Padişah teftişe geldiğinde sütunların kısaldığını görüp çok öfkelenir ve mimarın iki kolunu bilek hizasından kestirir.
Fakat mimar kendisinin hatalı olmadığını, üstelik bu emrin mahkemesiz uygulandığını gerekçe göstererek Padişah aleyhine dava açar. 
Taraflar mahkemeye gelir. Fatih, alışkanlıkla divana oturmaya hazırlanırken, Kadı Hızır Bey öfkeyle:
- Bey! Şer-i şerif huzurunda padişah ile halk arasında hiçbir fark yoktur! Davacının yanında ayakta durunuz, der.
Kadı Hızır Bey, mimarın şikâyetini haklı bularak kısasa karar verir. Yani “Sultan’ın da eli kesilsin” der.
Padişah mimara tazminat teklif eder. Mimar: 
- Asla kabul etmiyorum, deyince, kadı, Fatih’in kollarının aynı yerden ve aynı vasıtalarla kesilmesine karar verir.

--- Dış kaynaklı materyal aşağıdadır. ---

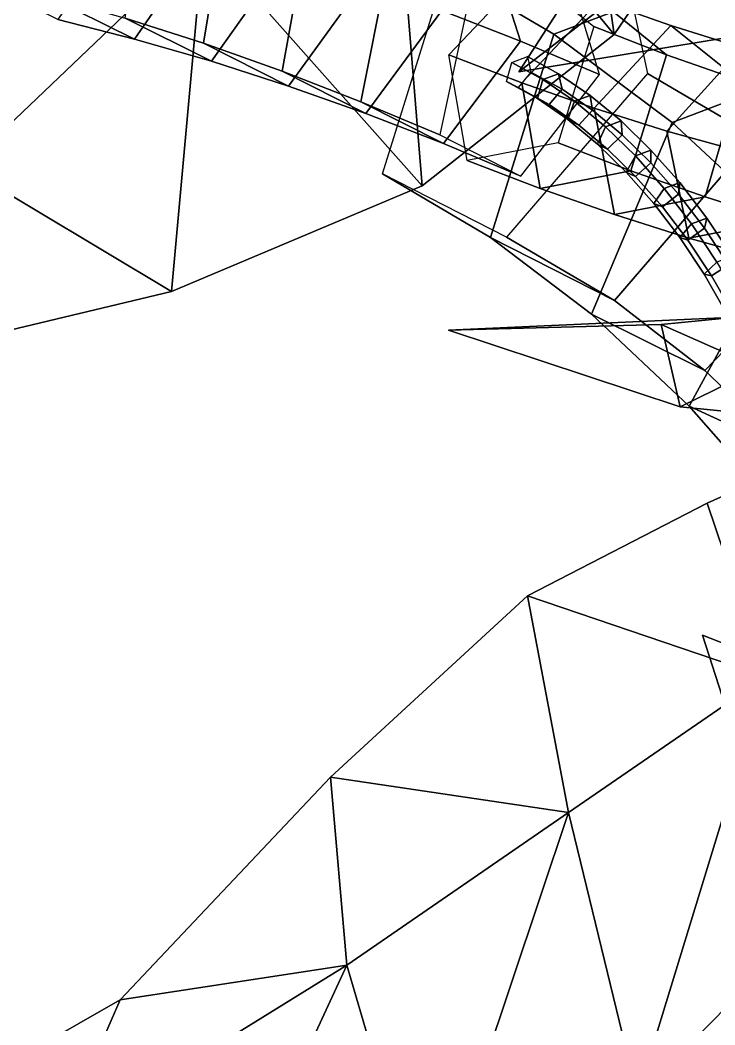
# Model space of a CAD drawing. Header units: metres. Extents: x -219 to 389, y -251 to 301.
# Drawn here: x 230.25 to 247.14, y -33.3 to -8.87 of the extents above; entities that cross this region are included whole.
import ezdxf

# ---------------------------------------------------------------- set-up
doc = ezdxf.new("R2010")
doc.units = ezdxf.units.M

msp = doc.modelspace()

# ---------------------------------------------------------------- linework, layer by layer
at = {"layer": 'Breeder_2Pdncle', "color": 3}
for points in [[(244.6397, -6.1383, 748.2801), (247.2648, -7.6797, 750.7367), (243.2263, -9.2122, 754.0906), (240.6012, -7.6708, 751.634)], [(245.5023, -10.1707, 744.828), (248.1274, -11.7122, 747.2846), (247.2648, -7.6797, 750.7367), (244.6397, -6.1383, 748.2801)], [(240.6012, -7.6708, 751.634), (243.2263, -9.2122, 754.0906), (241.6901, -14.155, 752.6307), (239.065, -12.6135, 750.1741)], [(247.2648, -7.6797, 750.7367), (250.1398, -9.8309, 753.2156), (246.1013, -11.3634, 756.5695), (243.2263, -9.2122, 754.0906)], [(243.2263, -9.2122, 754.0906), (246.1013, -11.3634, 756.5695), (244.1465, -16.02509, 754.734), (241.6901, -14.155, 752.6307)], [(250.1398, -9.8309, 753.2156), (252.9167, -12.4057, 755.3827), (248.8781, -13.9382, 758.7367), (246.1013, -11.3634, 756.5695)], [(242.0767, -14.1497, 745.9919), (244.7018, -15.6912, 748.4485), (248.1274, -11.7122, 747.2846), (245.5023, -10.1707, 744.828)], [(246.1013, -11.3634, 756.5695), (248.8781, -13.9382, 758.7367), (246.5161, -18.2556, 756.5681), (244.1465, -16.02509, 754.734)], [(244.7018, -15.6912, 748.4485), (246.901, -17.3885, 750.3209), (250.5838, -13.5823, 749.3879), (248.1274, -11.7122, 747.2846)], [(239.065, -12.6135, 750.1741), (241.6901, -14.155, 752.6307), (244.7018, -15.6912, 748.4485), (242.0767, -14.1497, 745.9919)], [(246.901, -17.3885, 750.3209), (249.0203, -19.4075, 751.9503), (252.9534, -15.8128, 751.2219), (250.5838, -13.5823, 749.3879)], [(241.6901, -14.155, 752.6307), (244.1465, -16.02509, 754.734), (246.901, -17.3885, 750.3209), (244.7018, -15.6912, 748.4485)], [(248.8781, -13.9382, 758.7367), (251.5152, -16.8981, 760.5595), (248.7634, -20.8131, 758.1055), (246.5161, -18.2556, 756.5681)], [(244.1465, -16.02509, 754.734), (246.5161, -18.2556, 756.5681), (249.0203, -19.4075, 751.9503), (246.901, -17.3885, 750.3209)], [(246.5161, -18.2556, 756.5681), (248.7634, -20.8131, 758.1055), (251.0281, -21.7177, 753.3123), (249.0203, -19.4075, 751.9503)]]:
    msp.add_3dface(points, dxfattribs=at)
at = {"layer": 'Breeder_Intrnd', "color": 3}
for points in [[(233.2714, -5.6411, 741.9654), (235.2292, -6.2699, 744.0355), (234.7116, -9.4357, 743.5624), (232.8046, -8.8224, 741.5464)], [(240.504, -8.6412, 742.3301), (242.4179, -9.3842, 744.2952), (241.5912, -6.8034, 746.0757), (239.6262, -6.04152, 744.0579)], [(231.1678, -8.8581, 735.2743), (233.0322, -9.3328, 737.3023), (234.7842, -6.8017, 736.2834), (232.8888, -6.3196, 734.2214)], [(235.2292, -6.2699, 744.0355), (237.1912, -6.9655, 746.0801), (236.6227, -10.1141, 745.5536), (234.7116, -9.4357, 743.5624)], [(233.0322, -9.3328, 737.3023), (234.9028, -9.8723, 739.3082), (236.6859, -7.3496, 738.323), (234.7842, -6.8017, 736.2834)], [(242.4179, -9.3842, 744.2952), (244.3336, -10.1914, 746.2331), (243.5581, -7.6313, 748.0657), (241.5912, -6.8034, 746.0757)], [(237.1912, -6.9655, 746.0801), (239.1562, -7.7275, 748.098), (238.5366, -10.8571, 747.5187), (236.6227, -10.1141, 745.5536)], [(234.9028, -9.8723, 739.3082), (236.7786, -10.476, 741.291), (238.5929, -7.9629, 740.339), (236.6859, -7.3496, 738.323)], [(229.0074, -7.7924, 737.4449), (230.9028, -8.2745, 739.5068), (233.0322, -9.3328, 737.3023), (231.1678, -8.8581, 735.2743)], [(239.1562, -7.7275, 748.098), (241.123, -8.5553, 750.088), (240.4523, -11.6643, 749.4565), (238.5366, -10.8571, 747.5187)], [(242.5681, -7.7156, 748.9182), (244.338, -8.3978, 750.7224), (242.4467, -10.3988, 751.8213), (240.6767, -9.7166, 750.0172)], [(244.1989, -9.03117, 746.8209), (245.9688, -9.7133, 748.6251), (244.338, -8.3978, 750.7224), (242.5681, -7.7156, 748.9182)], [(236.7786, -10.476, 741.291), (238.6583, -11.1438, 743.2493), (240.504, -8.6412, 742.3301), (238.5929, -7.9629, 740.339)], [(230.9028, -8.2745, 739.5068), (232.8046, -8.8224, 741.5464), (234.9028, -9.8723, 739.3082), (233.0322, -9.3328, 737.3023)], [(244.338, -8.3978, 750.7224), (246.0702, -9.003, 752.5014), (244.2077, -11.01459, 753.6299), (242.4467, -10.3988, 751.8213)], [(245.9688, -9.7133, 748.6251), (247.7299, -10.3291, 750.4336), (246.0702, -9.003, 752.5014), (244.338, -8.3978, 750.7224)], [(238.6583, -11.1438, 743.2493), (240.5409, -11.8751, 745.1819), (242.4179, -9.3842, 744.2952), (240.504, -8.6412, 742.3301)], [(232.8046, -8.8224, 741.5464), (234.7116, -9.4357, 743.5624), (236.7786, -10.476, 741.291), (234.9028, -9.8723, 739.3082)], [(243.3306, -11.8574, 746.6041), (245.1006, -12.5396, 748.4082), (245.9688, -9.7133, 748.6251), (244.1989, -9.03117, 746.8209)], [(246.0702, -9.003, 752.5014), (247.8056, -9.5477, 754.2969), (245.972, -11.5689, 755.4551), (244.2077, -11.01459, 753.6299)], [(247.7299, -10.3291, 750.4336), (249.4941, -10.8834, 752.2589), (247.8056, -9.5477, 754.2969), (246.0702, -9.003, 752.5014)], [(234.7116, -9.4357, 743.5624), (236.6227, -10.1141, 745.5536), (238.6583, -11.1438, 743.2493), (236.7786, -10.476, 741.291)], [(240.5409, -11.8751, 745.1819), (242.4252, -12.6696, 747.0878), (244.3336, -10.1914, 746.2331), (242.4179, -9.3842, 744.2952)], [(240.6767, -9.7166, 750.0172), (242.4467, -10.3988, 751.8213), (242.8909, -12.9696, 750.4134), (241.1209, -12.2875, 748.6093)], [(245.1006, -12.5396, 748.4082), (246.9086, -13.1726, 750.2648), (247.7299, -10.3291, 750.4336), (245.9688, -9.7133, 748.6251)], [(247.8056, -9.5477, 754.2969), (249.543, -10.03163, 756.1077), (247.7383, -12.06141, 757.296), (245.972, -11.5689, 755.4551)], [(236.6227, -10.1141, 745.5536), (238.5366, -10.8571, 747.5187), (240.5409, -11.8751, 745.1819), (238.6583, -11.1438, 743.2493)], [(242.4467, -10.3988, 751.8213), (244.2077, -11.01459, 753.6299), (244.6989, -13.6027, 752.27), (242.8909, -12.9696, 750.4134)], [(246.9086, -13.1726, 750.2648), (248.7199, -13.7426, 752.1385), (249.4941, -10.8834, 752.2589), (247.7299, -10.3291, 750.4336)], [(238.5366, -10.8571, 747.5187), (240.4523, -11.6643, 749.4565), (242.4252, -12.6696, 747.0878), (240.5409, -11.8751, 745.1819)], [(244.2077, -11.01459, 753.6299), (245.972, -11.5689, 755.4551), (246.5102, -14.1726, 754.1437), (244.6989, -13.6027, 752.27)], [(245.972, -11.5689, 755.4551), (247.7383, -12.06141, 757.296), (248.3237, -14.6791, 756.0336), (246.5102, -14.1726, 754.1437)], [(241.1209, -12.2875, 748.6093), (242.8909, -12.9696, 750.4134), (245.1006, -12.5396, 748.4082), (243.3306, -11.8574, 746.6041)], [(242.8909, -12.9696, 750.4134), (244.6989, -13.6027, 752.27), (246.9086, -13.1726, 750.2648), (245.1006, -12.5396, 748.4082)], [(244.6989, -13.6027, 752.27), (246.5102, -14.1726, 754.1437), (248.7199, -13.7426, 752.1385), (246.9086, -13.1726, 750.2648)], [(246.5102, -14.1726, 754.1437), (248.3237, -14.6791, 756.0336), (250.5334, -14.2491, 754.0284), (248.7199, -13.7426, 752.1385)]]:
    msp.add_3dface(points, dxfattribs=at)
at = {"layer": 'Breeder_Leaf', "color": 3}
for points in [[(243.1686, 1.3768, 764.7017), (244.6916, -9.2194, 767.0155), (239.1805, -2.5251, 767.7213)], [(243.1686, 1.3768, 764.7017), (239.1805, -2.5251, 767.7213), (244.6916, -9.2194, 767.0155)], [(243.1686, 1.3768, 764.7017), (247.5771, -4.9774, 763.8988), (244.6916, -9.2194, 767.0155)], [(243.1686, 1.3768, 764.7017), (244.6916, -9.2194, 767.0155), (247.5771, -4.9774, 763.8988)], [(239.1805, -2.5251, 767.7213), (240.0253, -12.8994, 771.1153), (234.7054, -6.9087, 771.1326)], [(239.1805, -2.5251, 767.7213), (234.7054, -6.9087, 771.1326), (240.0253, -12.8994, 771.1153)], [(244.6916, -9.2194, 767.0155), (240.0253, -12.8994, 771.1153), (239.1805, -2.5251, 767.7213)], [(244.6916, -9.2194, 767.0155), (239.1805, -2.5251, 767.7213), (240.0253, -12.8994, 771.1153)], [(248.9226, -4.2183, 764.8323), (249.3193, -10.9321, 772.9036), (244.9997, -5.2709, 771.272)], [(248.9226, -4.2183, 764.8323), (244.9997, -5.2709, 771.272), (249.3193, -10.9321, 772.9036)], [(228.888, -12.4532, 774.8708), (227.5856, -7.3212, 777.0546), (234.7054, -6.9087, 771.1326)], [(228.888, -12.4532, 774.8708), (234.7054, -6.9087, 771.1326), (227.5856, -7.3212, 777.0546)], [(234.7054, -6.9087, 771.1326), (233.9341, -15.4743, 775.0466), (228.888, -12.4532, 774.8708)], [(234.7054, -6.9087, 771.1326), (228.888, -12.4532, 774.8708), (233.9341, -15.4743, 775.0466)], [(240.0253, -12.8994, 771.1153), (233.9341, -15.4743, 775.0466), (234.7054, -6.9087, 771.1326)], [(240.0253, -12.8994, 771.1153), (234.7054, -6.9087, 771.1326), (233.9341, -15.4743, 775.0466)], [(233.9341, -15.4743, 775.0466), (222.3343, -18.2434, 774.2742), (228.888, -12.4532, 774.8708)], [(233.9341, -15.4743, 775.0466), (228.888, -12.4532, 774.8708), (222.3343, -18.2434, 774.2742)], [(248.3831, -24.8411, 752.9484), (246.9592, -20.614, 757.2839), (248.2372, -20.04263, 752.6621)], [(248.3831, -24.8411, 752.9484), (248.2372, -20.04263, 752.6621), (246.9592, -20.614, 757.2839)], [(242.59, -22.8725, 760.8785), (246.9592, -20.614, 757.2839), (248.3831, -24.8411, 752.9484)], [(242.59, -22.8725, 760.8785), (248.3831, -24.8411, 752.9484), (246.9592, -20.614, 757.2839)], [(243.5812, -28.135, 755.4665), (237.7959, -27.2763, 764.194), (242.59, -22.8725, 760.8785)], [(243.5812, -28.135, 755.4665), (242.59, -22.8725, 760.8785), (237.7959, -27.2763, 764.194)], [(242.59, -22.8725, 760.8785), (248.3831, -24.8411, 752.9484), (243.5812, -28.135, 755.4665)], [(242.59, -22.8725, 760.8785), (243.5812, -28.135, 755.4665), (248.3831, -24.8411, 752.9484)], [(250.5663, -25.285, 751.126), (248.1109, -27.7699, 756.2727), (246.8434, -23.8226, 753.7963)], [(250.5663, -25.285, 751.126), (246.8434, -23.8226, 753.7963), (248.1109, -27.7699, 756.2727)], [(248.3831, -24.8411, 752.9484), (245.2602, -35.03508, 750.441), (243.5812, -28.135, 755.4665)], [(248.3831, -24.8411, 752.9484), (243.5812, -28.135, 755.4665), (245.2602, -35.03508, 750.441)], [(248.3831, -24.8411, 752.9484), (249.2346, -31.05232, 748.3492), (245.2602, -35.03508, 750.441)], [(248.3831, -24.8411, 752.9484), (245.2602, -35.03508, 750.441), (249.2346, -31.05232, 748.3492)], [(238.1943, -31.8464, 758.3099), (232.6845, -32.6897, 765.7169), (237.7959, -27.2763, 764.194)], [(238.1943, -31.8464, 758.3099), (237.7959, -27.2763, 764.194), (232.6845, -32.6897, 765.7169)], [(237.7959, -27.2763, 764.194), (243.5812, -28.135, 755.4665), (238.1943, -31.8464, 758.3099)], [(237.7959, -27.2763, 764.194), (238.1943, -31.8464, 758.3099), (243.5812, -28.135, 755.4665)], [(243.5812, -28.135, 755.4665), (240.1327, -38.4491, 754.2064), (238.1943, -31.8464, 758.3099)], [(243.5812, -28.135, 755.4665), (238.1943, -31.8464, 758.3099), (240.1327, -38.4491, 754.2064)], [(245.2602, -35.03508, 750.441), (240.1327, -38.4491, 754.2064), (243.5812, -28.135, 755.4665)], [(245.2602, -35.03508, 750.441), (243.5812, -28.135, 755.4665), (240.1327, -38.4491, 754.2064)], [(238.1943, -31.8464, 758.3099), (234.2319, -40.414, 758.7348), (231.1532, -36.2082, 761.4651)], [(238.1943, -31.8464, 758.3099), (231.1532, -36.2082, 761.4651), (234.2319, -40.414, 758.7348)], [(231.1532, -36.2082, 761.4651), (232.6845, -32.6897, 765.7169), (238.1943, -31.8464, 758.3099)], [(231.1532, -36.2082, 761.4651), (238.1943, -31.8464, 758.3099), (232.6845, -32.6897, 765.7169)], [(240.1327, -38.4491, 754.2064), (234.2319, -40.414, 758.7348), (238.1943, -31.8464, 758.3099)], [(240.1327, -38.4491, 754.2064), (238.1943, -31.8464, 758.3099), (234.2319, -40.414, 758.7348)], [(222.6802, -38.4162, 761.0561), (232.6845, -32.6897, 765.7169), (231.1532, -36.2082, 761.4651)], [(222.6802, -38.4162, 761.0561), (231.1532, -36.2082, 761.4651), (232.6845, -32.6897, 765.7169)]]:
    msp.add_3dface(points, dxfattribs=at)
at = {"layer": 'Breeder_Petiole', "color": 3}
for points in [[(242.5829, -9.7571, 748.1938), (243.3387, -10.1757, 748.9126), (242.9631, -10.3183, 749.2245), (242.2073, -9.8997, 748.5057)], [(242.671, -10.1367, 747.8802), (243.4268, -10.5552, 748.5989), (243.3387, -10.1757, 748.9126), (242.5829, -9.7571, 748.1938)], [(242.2073, -9.8997, 748.5057), (242.9631, -10.3183, 749.2245), (242.8281, -10.7824, 749.0961), (242.0723, -10.3638, 748.3774)], [(242.3572, -10.5095, 747.993), (243.113, -10.928, 748.7117), (243.4268, -10.5552, 748.5989), (242.671, -10.1367, 747.8802)], [(243.3387, -10.1757, 748.9126), (244.1079, -10.7037, 749.5975), (243.7323, -10.8463, 749.9095), (242.9631, -10.3183, 749.2245)], [(243.4268, -10.5552, 748.5989), (244.1647, -11.06385, 749.2551), (244.1079, -10.7037, 749.5975), (243.3387, -10.1757, 748.9126)], [(242.0723, -10.3638, 748.3774), (242.8281, -10.7824, 749.0961), (243.113, -10.928, 748.7117), (242.3572, -10.5095, 747.993)], [(242.9631, -10.3183, 749.2245), (243.7323, -10.8463, 749.9095), (243.566, -11.291, 749.7523), (242.8281, -10.7824, 749.0961)], [(243.113, -10.928, 748.7117), (243.8317, -11.4247, 749.3502), (244.1647, -11.06385, 749.2551), (243.4268, -10.5552, 748.5989)], [(244.1079, -10.7037, 749.5975), (244.8605, -11.325, 750.2198), (244.4849, -11.4676, 750.5318), (243.7323, -10.8463, 749.9095)], [(244.1647, -11.06385, 749.2551), (244.8865, -11.6618, 749.851), (244.8605, -11.325, 750.2198), (244.1079, -10.7037, 749.5975)], [(242.8281, -10.7824, 749.0961), (243.566, -11.291, 749.7523), (243.8317, -11.4247, 749.3502), (243.113, -10.928, 748.7117)], [(243.7323, -10.8463, 749.9095), (244.4849, -11.4676, 750.5318), (244.2878, -11.889, 750.3482), (243.566, -11.291, 749.7523)], [(243.8317, -11.4247, 749.3502), (244.5346, -12.00836, 749.9299), (244.8865, -11.6618, 749.851), (244.1647, -11.06385, 749.2551)], [(243.566, -11.291, 749.7523), (244.2878, -11.889, 750.3482), (244.5346, -12.00836, 749.9299), (243.8317, -11.4247, 749.3502)], [(244.4849, -11.4676, 750.5318), (245.2137, -12.1761, 751.0855), (244.9866, -12.5706, 750.8782), (244.2878, -11.889, 750.3482)], [(244.8605, -11.325, 750.2198), (245.5893, -12.03366, 750.7736), (245.2137, -12.1761, 751.0855), (244.4849, -11.4676, 750.5318)], [(244.8865, -11.6618, 749.851), (245.5853, -12.3434, 750.381), (245.5893, -12.03366, 750.7736), (244.8605, -11.325, 750.2198)], [(244.5346, -12.00836, 749.9299), (245.215, -12.6734, 750.4452), (245.5853, -12.3434, 750.381), (244.8865, -11.6618, 749.851)], [(244.2878, -11.889, 750.3482), (244.9866, -12.5706, 750.8782), (245.215, -12.6734, 750.4452), (244.5346, -12.00836, 749.9299)], [(245.2137, -12.1761, 751.0855), (245.9115, -12.9652, 751.5652), (245.6556, -13.3293, 751.337), (244.9866, -12.5706, 750.8782)], [(245.5893, -12.03366, 750.7736), (246.2871, -12.8227, 751.2533), (245.9115, -12.9652, 751.5652), (245.2137, -12.1761, 751.0855)], [(245.5853, -12.3434, 750.381), (246.2543, -13.1021, 750.8398), (246.2871, -12.8227, 751.2533), (245.5893, -12.03366, 750.7736)], [(245.215, -12.6734, 750.4452), (245.8662, -13.4134, 750.8912), (246.2543, -13.1021, 750.8398), (245.5853, -12.3434, 750.381)], [(244.9866, -12.5706, 750.8782), (245.6556, -13.3293, 751.337), (245.8662, -13.4134, 750.8912), (245.215, -12.6734, 750.4452)], [(246.2871, -12.8227, 751.2533), (246.9473, -13.6846, 751.6545), (246.5717, -13.8271, 751.9664), (245.9115, -12.9652, 751.5652)], [(246.2543, -13.1021, 750.8398), (246.887, -13.9306, 751.2232), (246.9473, -13.6846, 751.6545), (246.2871, -12.8227, 751.2533)], [(245.9115, -12.9652, 751.5652), (246.5717, -13.8271, 751.9664), (246.2884, -14.1578, 751.7204), (245.6556, -13.3293, 751.337)], [(245.8662, -13.4134, 750.8912), (246.4821, -14.2214, 751.2637), (246.887, -13.9306, 751.2232), (246.2543, -13.1021, 750.8398)], [(245.6556, -13.3293, 751.337), (246.2884, -14.1578, 751.7204), (246.4821, -14.2214, 751.2637), (245.8662, -13.4134, 750.8912)], [(246.5717, -13.8271, 751.9664), (247.188, -14.7536, 752.285), (246.8788, -15.0481, 752.0245), (246.2884, -14.1578, 751.7204)], [(246.9473, -13.6846, 751.6545), (247.5636, -14.6111, 751.9731), (247.188, -14.7536, 752.285), (246.5717, -13.8271, 751.9664)], [(246.887, -13.9306, 751.2232), (247.4775, -14.8209, 751.5273), (247.5636, -14.6111, 751.9731), (246.9473, -13.6846, 751.6545)], [(246.2884, -14.1578, 751.7204), (246.8788, -15.0481, 752.0245), (247.0567, -15.08941, 751.5589), (246.4821, -14.2214, 751.2637)], [(246.4821, -14.2214, 751.2637), (247.0567, -15.08941, 751.5589), (247.4775, -14.8209, 751.5273), (246.887, -13.9306, 751.2232)], [(247.188, -14.7536, 752.285), (247.7543, -15.7358, 752.5182), (247.4212, -15.9916, 752.2466), (246.8788, -15.0481, 752.0245)], [(247.0567, -15.08941, 751.5589), (247.5844, -16.00916, 751.7741), (248.0199, -15.7644, 751.7494), (247.4775, -14.8209, 751.5273)], [(246.8788, -15.0481, 752.0245), (247.4212, -15.9916, 752.2466), (247.5844, -16.00916, 751.7741), (247.0567, -15.08941, 751.5589)]]:
    msp.add_3dface(points, dxfattribs=at)
at = {"layer": 'Breeder_Stipule', "color": 3}
for points in [[(242.3782, -10.1318, 748.1909), (244.7426, -6.4576, 737.9834), (249.1294, -4.9132, 742.9576)], [(242.3782, -10.1318, 748.1909), (249.1294, -4.9132, 742.9576), (244.7426, -6.4576, 737.9834)], [(249.1294, -4.9132, 742.9576), (253.0663, -8.36, 746.7916), (242.3782, -10.1318, 748.1909)], [(249.1294, -4.9132, 742.9576), (242.3782, -10.1318, 748.1909), (253.0663, -8.36, 746.7916)], [(251.5361, -18.7893, 785.3915), (250.2825, -15.8345, 779.175), (245.8369, -16.2729, 785.4384)], [(251.5361, -18.7893, 785.3915), (245.8369, -16.2729, 785.4384), (250.2825, -15.8345, 779.175)], [(251.0524, -15.9433, 790.7098), (246.2983, -18.2721, 789.8378), (240.6626, -16.4138, 794.8414)], [(251.0524, -15.9433, 790.7098), (240.6626, -16.4138, 794.8414), (246.2983, -18.2721, 789.8378)], [(251.0524, -15.9433, 790.7098), (251.5361, -18.7893, 785.3915), (246.2983, -18.2721, 789.8378)], [(251.0524, -15.9433, 790.7098), (246.2983, -18.2721, 789.8378), (251.5361, -18.7893, 785.3915)], [(246.2983, -18.2721, 789.8378), (245.8369, -16.2729, 785.4384), (240.6626, -16.4138, 794.8414)], [(246.2983, -18.2721, 789.8378), (240.6626, -16.4138, 794.8414), (245.8369, -16.2729, 785.4384)], [(251.5361, -18.7893, 785.3915), (245.8369, -16.2729, 785.4384), (246.2983, -18.2721, 789.8378)], [(251.5361, -18.7893, 785.3915), (246.2983, -18.2721, 789.8378), (245.8369, -16.2729, 785.4384)]]:
    msp.add_3dface(points, dxfattribs=at)

doc.saveas('drawing.dxf')

 Mahkemeyi takip için oraya koşmuş bulunan devlet ricali mimara diyeti kabul etmesi için yalvarır. Mimar: 
- Şu beylerin ve paşaların yakarmaları ve davalının bu ümmet için daha çok hizmet edecek mühim bir şahsiyet olmasından dolayı diyeti kabul edip, kısas talebinden vazgeçiyorum. Orada bulunanlar:
- Allahü ekber! Allahü ekber! Nidalarıyla Kadı’nın makam odasını inletirler.

 

UYARI: Küfür, hakaret, bir grup, ırk ya da kişiyi aşağılayan imalar içeren, inançlara saldıran yorumlar onaylanmamaktır. Türkçe imla kurallarına dikkat edilmeyen, büyük harflerle yazılan metinler dikkate alınmamaktadır.
Sonraki Haber Yükleniyor...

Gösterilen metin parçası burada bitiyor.